**** Information supplied ****

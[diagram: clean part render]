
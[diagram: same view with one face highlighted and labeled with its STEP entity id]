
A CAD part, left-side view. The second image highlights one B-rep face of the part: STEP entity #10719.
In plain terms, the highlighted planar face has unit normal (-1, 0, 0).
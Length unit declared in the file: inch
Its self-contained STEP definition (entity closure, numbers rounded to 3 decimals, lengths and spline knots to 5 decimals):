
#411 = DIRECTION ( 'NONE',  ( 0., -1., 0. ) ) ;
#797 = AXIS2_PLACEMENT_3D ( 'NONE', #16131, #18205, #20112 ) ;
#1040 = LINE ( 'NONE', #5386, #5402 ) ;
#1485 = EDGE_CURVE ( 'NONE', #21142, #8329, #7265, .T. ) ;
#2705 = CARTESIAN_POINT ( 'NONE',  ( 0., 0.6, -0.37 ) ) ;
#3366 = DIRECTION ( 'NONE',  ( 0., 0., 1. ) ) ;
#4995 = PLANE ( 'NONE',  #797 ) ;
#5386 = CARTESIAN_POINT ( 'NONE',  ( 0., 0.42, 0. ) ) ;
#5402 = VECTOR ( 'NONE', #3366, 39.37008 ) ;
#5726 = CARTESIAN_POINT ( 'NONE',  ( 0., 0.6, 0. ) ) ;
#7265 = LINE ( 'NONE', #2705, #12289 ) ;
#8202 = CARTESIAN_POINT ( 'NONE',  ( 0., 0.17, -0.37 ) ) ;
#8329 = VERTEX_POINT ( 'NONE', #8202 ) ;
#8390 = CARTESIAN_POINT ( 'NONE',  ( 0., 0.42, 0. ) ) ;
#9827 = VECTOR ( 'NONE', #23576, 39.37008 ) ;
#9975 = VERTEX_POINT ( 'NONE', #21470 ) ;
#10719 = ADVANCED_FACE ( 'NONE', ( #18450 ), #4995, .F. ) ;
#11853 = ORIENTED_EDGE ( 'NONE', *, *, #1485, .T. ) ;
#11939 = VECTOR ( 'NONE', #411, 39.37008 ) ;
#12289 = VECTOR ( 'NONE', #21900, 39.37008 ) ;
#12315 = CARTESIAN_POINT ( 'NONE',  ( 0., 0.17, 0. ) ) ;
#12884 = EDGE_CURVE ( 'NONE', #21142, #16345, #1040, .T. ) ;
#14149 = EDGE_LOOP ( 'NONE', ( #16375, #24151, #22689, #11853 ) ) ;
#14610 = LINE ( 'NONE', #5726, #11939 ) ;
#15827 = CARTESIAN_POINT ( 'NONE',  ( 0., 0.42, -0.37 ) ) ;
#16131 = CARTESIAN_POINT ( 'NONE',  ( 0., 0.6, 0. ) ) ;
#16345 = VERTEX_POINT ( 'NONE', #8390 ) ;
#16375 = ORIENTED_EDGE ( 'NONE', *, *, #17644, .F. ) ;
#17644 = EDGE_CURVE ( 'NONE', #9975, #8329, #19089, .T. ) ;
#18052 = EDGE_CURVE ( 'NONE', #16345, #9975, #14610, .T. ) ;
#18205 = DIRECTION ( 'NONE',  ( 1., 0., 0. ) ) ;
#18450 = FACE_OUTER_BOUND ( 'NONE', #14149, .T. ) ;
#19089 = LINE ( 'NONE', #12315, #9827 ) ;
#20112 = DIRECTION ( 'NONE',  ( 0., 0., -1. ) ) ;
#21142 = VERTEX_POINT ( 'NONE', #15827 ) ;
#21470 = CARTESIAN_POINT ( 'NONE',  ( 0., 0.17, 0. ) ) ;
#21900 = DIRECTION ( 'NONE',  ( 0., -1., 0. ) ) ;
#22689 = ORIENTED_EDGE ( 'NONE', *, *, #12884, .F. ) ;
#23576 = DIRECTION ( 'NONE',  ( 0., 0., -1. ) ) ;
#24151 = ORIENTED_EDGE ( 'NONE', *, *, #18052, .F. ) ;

****

■ What needs to be done ■
Could you set down exactly the lines from the one containing "#8329 = VERTEX_POINT ( 'NONE', #8202 ) ;" through the last line of the records above, both included?

■ Response to this exercise ■
#8329 = VERTEX_POINT ( 'NONE', #8202 ) ;
#8390 = CARTESIAN_POINT ( 'NONE',  ( 0., 0.42, 0. ) ) ;
#9827 = VECTOR ( 'NONE', #23576, 39.37008 ) ;
#9975 = VERTEX_POINT ( 'NONE', #21470 ) ;
#10719 = ADVANCED_FACE ( 'NONE', ( #18450 ), #4995, .F. ) ;
#11853 = ORIENTED_EDGE ( 'NONE', *, *, #1485, .T. ) ;
#11939 = VECTOR ( 'NONE', #411, 39.37008 ) ;
#12289 = VECTOR ( 'NONE', #21900, 39.37008 ) ;
#12315 = CARTESIAN_POINT ( 'NONE',  ( 0., 0.17, 0. ) ) ;
#12884 = EDGE_CURVE ( 'NONE', #21142, #16345, #1040, .T. ) ;
#14149 = EDGE_LOOP ( 'NONE', ( #16375, #24151, #22689, #11853 ) ) ;
#14610 = LINE ( 'NONE', #5726, #11939 ) ;
#15827 = CARTESIAN_POINT ( 'NONE',  ( 0., 0.42, -0.37 ) ) ;
#16131 = CARTESIAN_POINT ( 'NONE',  ( 0., 0.6, 0. ) ) ;
#16345 = VERTEX_POINT ( 'NONE', #8390 ) ;
#16375 = ORIENTED_EDGE ( 'NONE', *, *, #17644, .F. ) ;
#17644 = EDGE_CURVE ( 'NONE', #9975, #8329, #19089, .T. ) ;
#18052 = EDGE_CURVE ( 'NONE', #16345, #9975, #14610, .T. ) ;
#18205 = DIRECTION ( 'NONE',  ( 1., 0., 0. ) ) ;
#18450 = FACE_OUTER_BOUND ( 'NONE', #14149, .T. ) ;
#19089 = LINE ( 'NONE', #12315, #9827 ) ;
#20112 = DIRECTION ( 'NONE',  ( 0., 0., -1. ) ) ;
#21142 = VERTEX_POINT ( 'NONE', #15827 ) ;
#21470 = CARTESIAN_POINT ( 'NONE',  ( 0., 0.17, 0. ) ) ;
#21900 = DIRECTION ( 'NONE',  ( 0., -1., 0. ) ) ;
#22689 = ORIENTED_EDGE ( 'NONE', *, *, #12884, .F. ) ;
#23576 = DIRECTION ( 'NONE',  ( 0., 0., -1. ) ) ;
#24151 = ORIENTED_EDGE ( 'NONE', *, *, #18052, .F. ) ;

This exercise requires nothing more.